*Exercise*
Among the entries, find the lines with the string "close" and copy them.

Entries taken from a collection
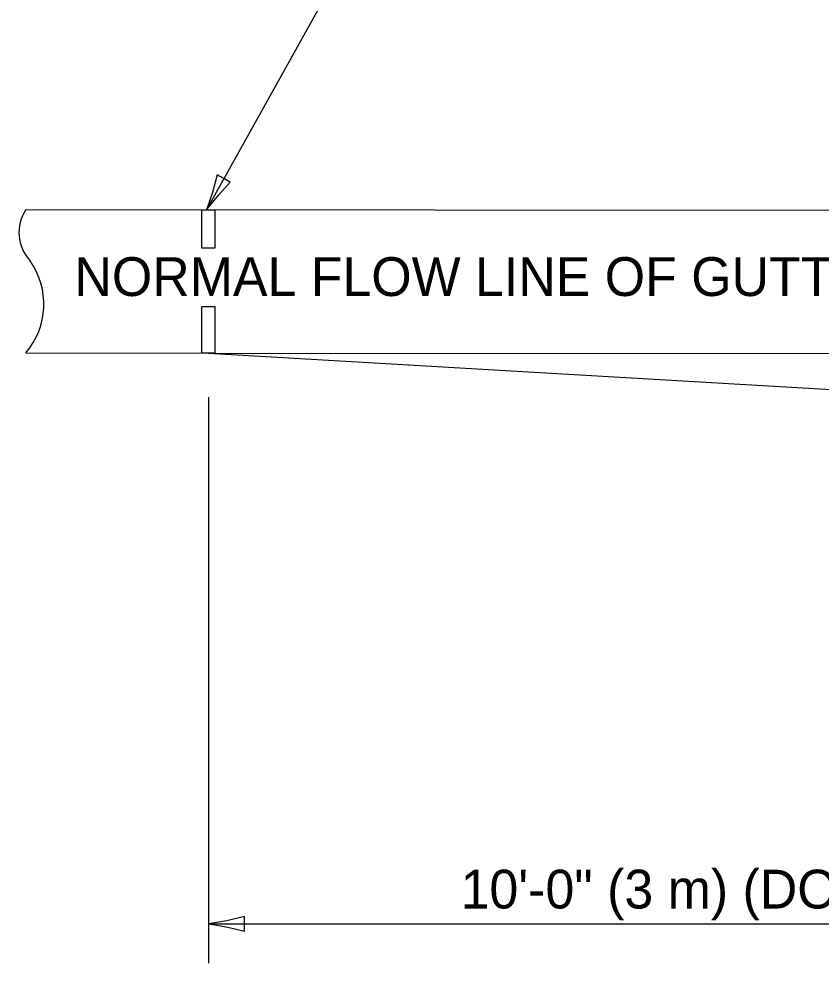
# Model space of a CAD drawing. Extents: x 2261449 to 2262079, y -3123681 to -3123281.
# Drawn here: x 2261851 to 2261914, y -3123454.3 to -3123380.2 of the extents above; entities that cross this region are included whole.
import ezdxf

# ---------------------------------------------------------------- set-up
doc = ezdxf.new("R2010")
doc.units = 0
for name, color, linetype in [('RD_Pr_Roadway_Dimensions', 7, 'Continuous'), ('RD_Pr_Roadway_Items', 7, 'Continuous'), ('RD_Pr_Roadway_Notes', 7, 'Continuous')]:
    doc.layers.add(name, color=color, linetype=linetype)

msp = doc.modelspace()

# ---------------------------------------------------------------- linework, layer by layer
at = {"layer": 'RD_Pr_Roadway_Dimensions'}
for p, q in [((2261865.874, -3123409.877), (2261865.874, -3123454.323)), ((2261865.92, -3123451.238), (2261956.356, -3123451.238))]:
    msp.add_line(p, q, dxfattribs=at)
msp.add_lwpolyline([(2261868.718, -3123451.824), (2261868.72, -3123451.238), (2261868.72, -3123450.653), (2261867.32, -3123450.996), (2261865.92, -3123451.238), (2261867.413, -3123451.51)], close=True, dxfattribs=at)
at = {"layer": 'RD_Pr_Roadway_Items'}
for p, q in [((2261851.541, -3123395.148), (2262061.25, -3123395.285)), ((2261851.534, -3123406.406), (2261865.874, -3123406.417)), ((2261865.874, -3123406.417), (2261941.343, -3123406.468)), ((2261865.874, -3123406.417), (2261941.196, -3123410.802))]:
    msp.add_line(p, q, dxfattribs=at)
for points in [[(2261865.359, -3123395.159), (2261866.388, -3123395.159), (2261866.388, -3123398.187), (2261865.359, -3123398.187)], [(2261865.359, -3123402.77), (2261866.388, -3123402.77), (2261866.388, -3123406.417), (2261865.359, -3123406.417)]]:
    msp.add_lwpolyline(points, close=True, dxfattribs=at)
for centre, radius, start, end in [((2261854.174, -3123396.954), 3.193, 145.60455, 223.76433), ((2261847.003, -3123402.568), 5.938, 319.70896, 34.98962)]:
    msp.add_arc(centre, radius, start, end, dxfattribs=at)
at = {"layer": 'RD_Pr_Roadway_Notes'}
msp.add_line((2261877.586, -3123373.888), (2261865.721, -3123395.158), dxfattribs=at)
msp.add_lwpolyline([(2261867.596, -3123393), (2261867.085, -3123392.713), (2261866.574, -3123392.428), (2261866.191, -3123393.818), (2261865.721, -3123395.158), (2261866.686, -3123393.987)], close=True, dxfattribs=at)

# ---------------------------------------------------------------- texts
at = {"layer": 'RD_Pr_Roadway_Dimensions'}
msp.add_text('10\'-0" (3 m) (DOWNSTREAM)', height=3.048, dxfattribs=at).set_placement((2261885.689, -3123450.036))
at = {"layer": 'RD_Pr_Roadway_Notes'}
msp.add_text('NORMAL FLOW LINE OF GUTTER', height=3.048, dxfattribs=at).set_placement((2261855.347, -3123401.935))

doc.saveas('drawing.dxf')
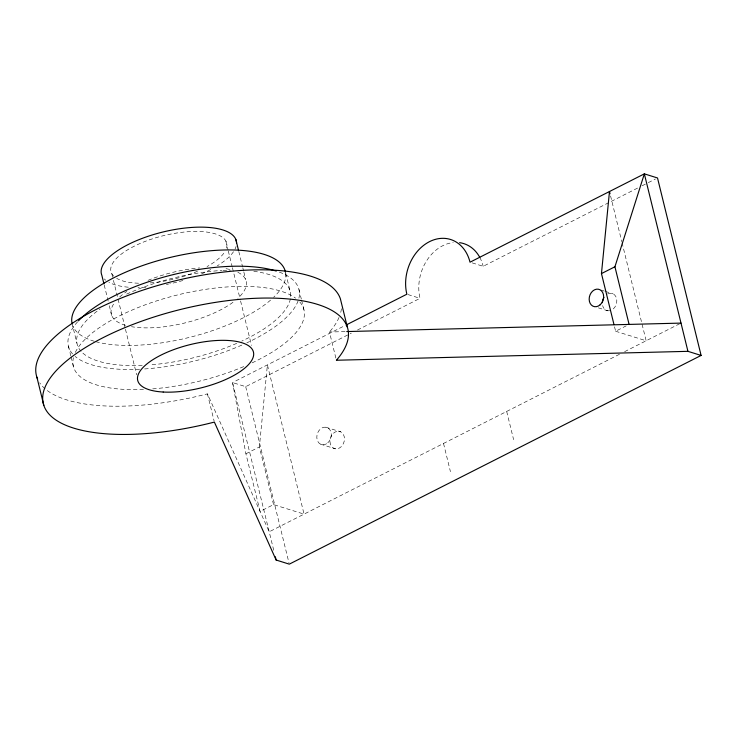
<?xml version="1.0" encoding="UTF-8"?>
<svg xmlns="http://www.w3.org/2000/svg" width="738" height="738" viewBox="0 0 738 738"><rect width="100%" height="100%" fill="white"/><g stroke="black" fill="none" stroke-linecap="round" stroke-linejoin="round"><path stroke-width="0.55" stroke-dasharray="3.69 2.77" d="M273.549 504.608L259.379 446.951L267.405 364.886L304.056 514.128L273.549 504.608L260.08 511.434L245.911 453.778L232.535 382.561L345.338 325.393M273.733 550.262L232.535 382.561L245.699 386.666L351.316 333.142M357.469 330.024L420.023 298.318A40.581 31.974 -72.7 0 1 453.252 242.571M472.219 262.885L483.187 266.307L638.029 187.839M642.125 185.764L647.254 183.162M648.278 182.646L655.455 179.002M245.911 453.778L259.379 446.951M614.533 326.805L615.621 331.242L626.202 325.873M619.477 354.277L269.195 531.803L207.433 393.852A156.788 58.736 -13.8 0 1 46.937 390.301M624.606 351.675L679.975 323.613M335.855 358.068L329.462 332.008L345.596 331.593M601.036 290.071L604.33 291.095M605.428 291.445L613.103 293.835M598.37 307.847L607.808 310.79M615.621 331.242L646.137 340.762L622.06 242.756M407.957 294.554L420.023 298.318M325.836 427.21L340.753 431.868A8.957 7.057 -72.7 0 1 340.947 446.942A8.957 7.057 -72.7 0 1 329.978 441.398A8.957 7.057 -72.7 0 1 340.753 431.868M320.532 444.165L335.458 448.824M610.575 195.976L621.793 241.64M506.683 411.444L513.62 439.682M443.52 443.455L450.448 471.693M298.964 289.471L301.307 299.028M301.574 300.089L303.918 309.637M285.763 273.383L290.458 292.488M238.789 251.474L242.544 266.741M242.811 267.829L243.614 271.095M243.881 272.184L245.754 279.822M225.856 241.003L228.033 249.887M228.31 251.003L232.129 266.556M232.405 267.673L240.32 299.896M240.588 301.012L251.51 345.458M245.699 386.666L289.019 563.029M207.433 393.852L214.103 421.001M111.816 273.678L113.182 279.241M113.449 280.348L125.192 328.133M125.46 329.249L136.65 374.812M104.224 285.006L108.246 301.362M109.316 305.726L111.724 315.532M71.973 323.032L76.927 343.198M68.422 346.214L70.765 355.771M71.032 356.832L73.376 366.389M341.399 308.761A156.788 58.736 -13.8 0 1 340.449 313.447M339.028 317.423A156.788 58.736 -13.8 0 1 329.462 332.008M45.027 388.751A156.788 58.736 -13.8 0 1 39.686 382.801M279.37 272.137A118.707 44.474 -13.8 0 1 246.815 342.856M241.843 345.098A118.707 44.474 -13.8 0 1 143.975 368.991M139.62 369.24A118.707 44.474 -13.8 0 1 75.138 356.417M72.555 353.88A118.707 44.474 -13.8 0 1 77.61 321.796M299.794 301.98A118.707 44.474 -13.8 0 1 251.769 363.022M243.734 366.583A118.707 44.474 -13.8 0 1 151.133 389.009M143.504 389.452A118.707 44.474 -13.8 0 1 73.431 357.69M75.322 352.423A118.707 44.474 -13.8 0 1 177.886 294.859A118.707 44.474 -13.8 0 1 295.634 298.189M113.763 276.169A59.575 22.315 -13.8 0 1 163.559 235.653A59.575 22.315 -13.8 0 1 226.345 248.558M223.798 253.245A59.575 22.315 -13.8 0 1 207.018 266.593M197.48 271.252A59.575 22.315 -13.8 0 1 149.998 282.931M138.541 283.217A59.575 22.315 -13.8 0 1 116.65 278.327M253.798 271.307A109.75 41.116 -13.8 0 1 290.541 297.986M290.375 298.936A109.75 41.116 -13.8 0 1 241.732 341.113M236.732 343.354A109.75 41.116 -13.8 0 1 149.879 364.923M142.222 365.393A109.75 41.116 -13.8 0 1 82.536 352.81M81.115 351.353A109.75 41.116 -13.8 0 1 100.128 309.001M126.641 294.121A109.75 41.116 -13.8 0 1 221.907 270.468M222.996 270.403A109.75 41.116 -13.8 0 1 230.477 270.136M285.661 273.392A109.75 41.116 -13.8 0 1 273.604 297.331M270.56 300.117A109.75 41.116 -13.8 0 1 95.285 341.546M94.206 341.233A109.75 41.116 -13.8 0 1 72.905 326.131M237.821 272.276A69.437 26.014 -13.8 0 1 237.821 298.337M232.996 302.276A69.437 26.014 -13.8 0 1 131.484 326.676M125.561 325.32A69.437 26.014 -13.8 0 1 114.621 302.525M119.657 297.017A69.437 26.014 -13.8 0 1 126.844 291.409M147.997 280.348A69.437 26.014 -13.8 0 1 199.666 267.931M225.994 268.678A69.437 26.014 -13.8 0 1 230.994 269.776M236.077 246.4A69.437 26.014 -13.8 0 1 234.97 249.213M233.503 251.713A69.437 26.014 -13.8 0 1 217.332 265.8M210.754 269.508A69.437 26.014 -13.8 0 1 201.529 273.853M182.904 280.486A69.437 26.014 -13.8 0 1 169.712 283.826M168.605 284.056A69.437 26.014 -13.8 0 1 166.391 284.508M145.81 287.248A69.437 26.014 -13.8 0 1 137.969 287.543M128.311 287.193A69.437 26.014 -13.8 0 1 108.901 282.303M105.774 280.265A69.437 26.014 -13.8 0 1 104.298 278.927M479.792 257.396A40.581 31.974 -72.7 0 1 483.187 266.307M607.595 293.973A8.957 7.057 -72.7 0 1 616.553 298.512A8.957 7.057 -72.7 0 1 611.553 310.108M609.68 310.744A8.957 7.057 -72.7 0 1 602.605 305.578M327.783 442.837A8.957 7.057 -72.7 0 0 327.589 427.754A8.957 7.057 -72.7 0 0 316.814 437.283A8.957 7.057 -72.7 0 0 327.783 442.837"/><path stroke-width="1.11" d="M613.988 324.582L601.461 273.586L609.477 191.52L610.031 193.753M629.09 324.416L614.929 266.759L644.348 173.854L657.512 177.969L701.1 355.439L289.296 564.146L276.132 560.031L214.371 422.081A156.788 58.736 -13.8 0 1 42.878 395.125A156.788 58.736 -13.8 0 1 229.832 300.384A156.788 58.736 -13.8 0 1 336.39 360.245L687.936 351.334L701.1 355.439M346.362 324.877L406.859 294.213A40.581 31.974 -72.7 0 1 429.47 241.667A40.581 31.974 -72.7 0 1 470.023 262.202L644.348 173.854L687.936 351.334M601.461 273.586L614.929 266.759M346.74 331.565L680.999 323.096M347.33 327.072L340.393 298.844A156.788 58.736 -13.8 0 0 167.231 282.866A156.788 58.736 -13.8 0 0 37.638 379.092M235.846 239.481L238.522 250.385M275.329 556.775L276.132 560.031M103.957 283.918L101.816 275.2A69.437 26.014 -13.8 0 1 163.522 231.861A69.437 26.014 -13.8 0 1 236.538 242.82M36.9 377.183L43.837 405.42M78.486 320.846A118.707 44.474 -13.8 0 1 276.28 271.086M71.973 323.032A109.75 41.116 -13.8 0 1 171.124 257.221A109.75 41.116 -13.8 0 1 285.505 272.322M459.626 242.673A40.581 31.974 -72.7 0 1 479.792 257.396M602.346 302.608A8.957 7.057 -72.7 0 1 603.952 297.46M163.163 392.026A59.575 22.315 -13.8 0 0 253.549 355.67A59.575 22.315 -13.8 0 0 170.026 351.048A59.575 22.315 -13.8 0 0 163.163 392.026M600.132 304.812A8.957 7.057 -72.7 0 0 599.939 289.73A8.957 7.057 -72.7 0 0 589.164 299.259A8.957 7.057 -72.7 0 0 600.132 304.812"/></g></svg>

*Solution for this exercise*
msp.add_lwpolyline([(2261868.718, -3123451.824), (2261868.72, -3123451.238), (2261868.72, -3123450.653), (2261867.32, -3123450.996), (2261865.92, -3123451.238), (2261867.413, -3123451.51)], close=True, dxfattribs=at)
    msp.add_lwpolyline(points, close=True, dxfattribs=at)
msp.add_lwpolyline([(2261867.596, -3123393), (2261867.085, -3123392.713), (2261866.574, -3123392.428), (2261866.191, -3123393.818), (2261865.721, -3123395.158), (2261866.686, -3123393.987)], close=True, dxfattribs=at)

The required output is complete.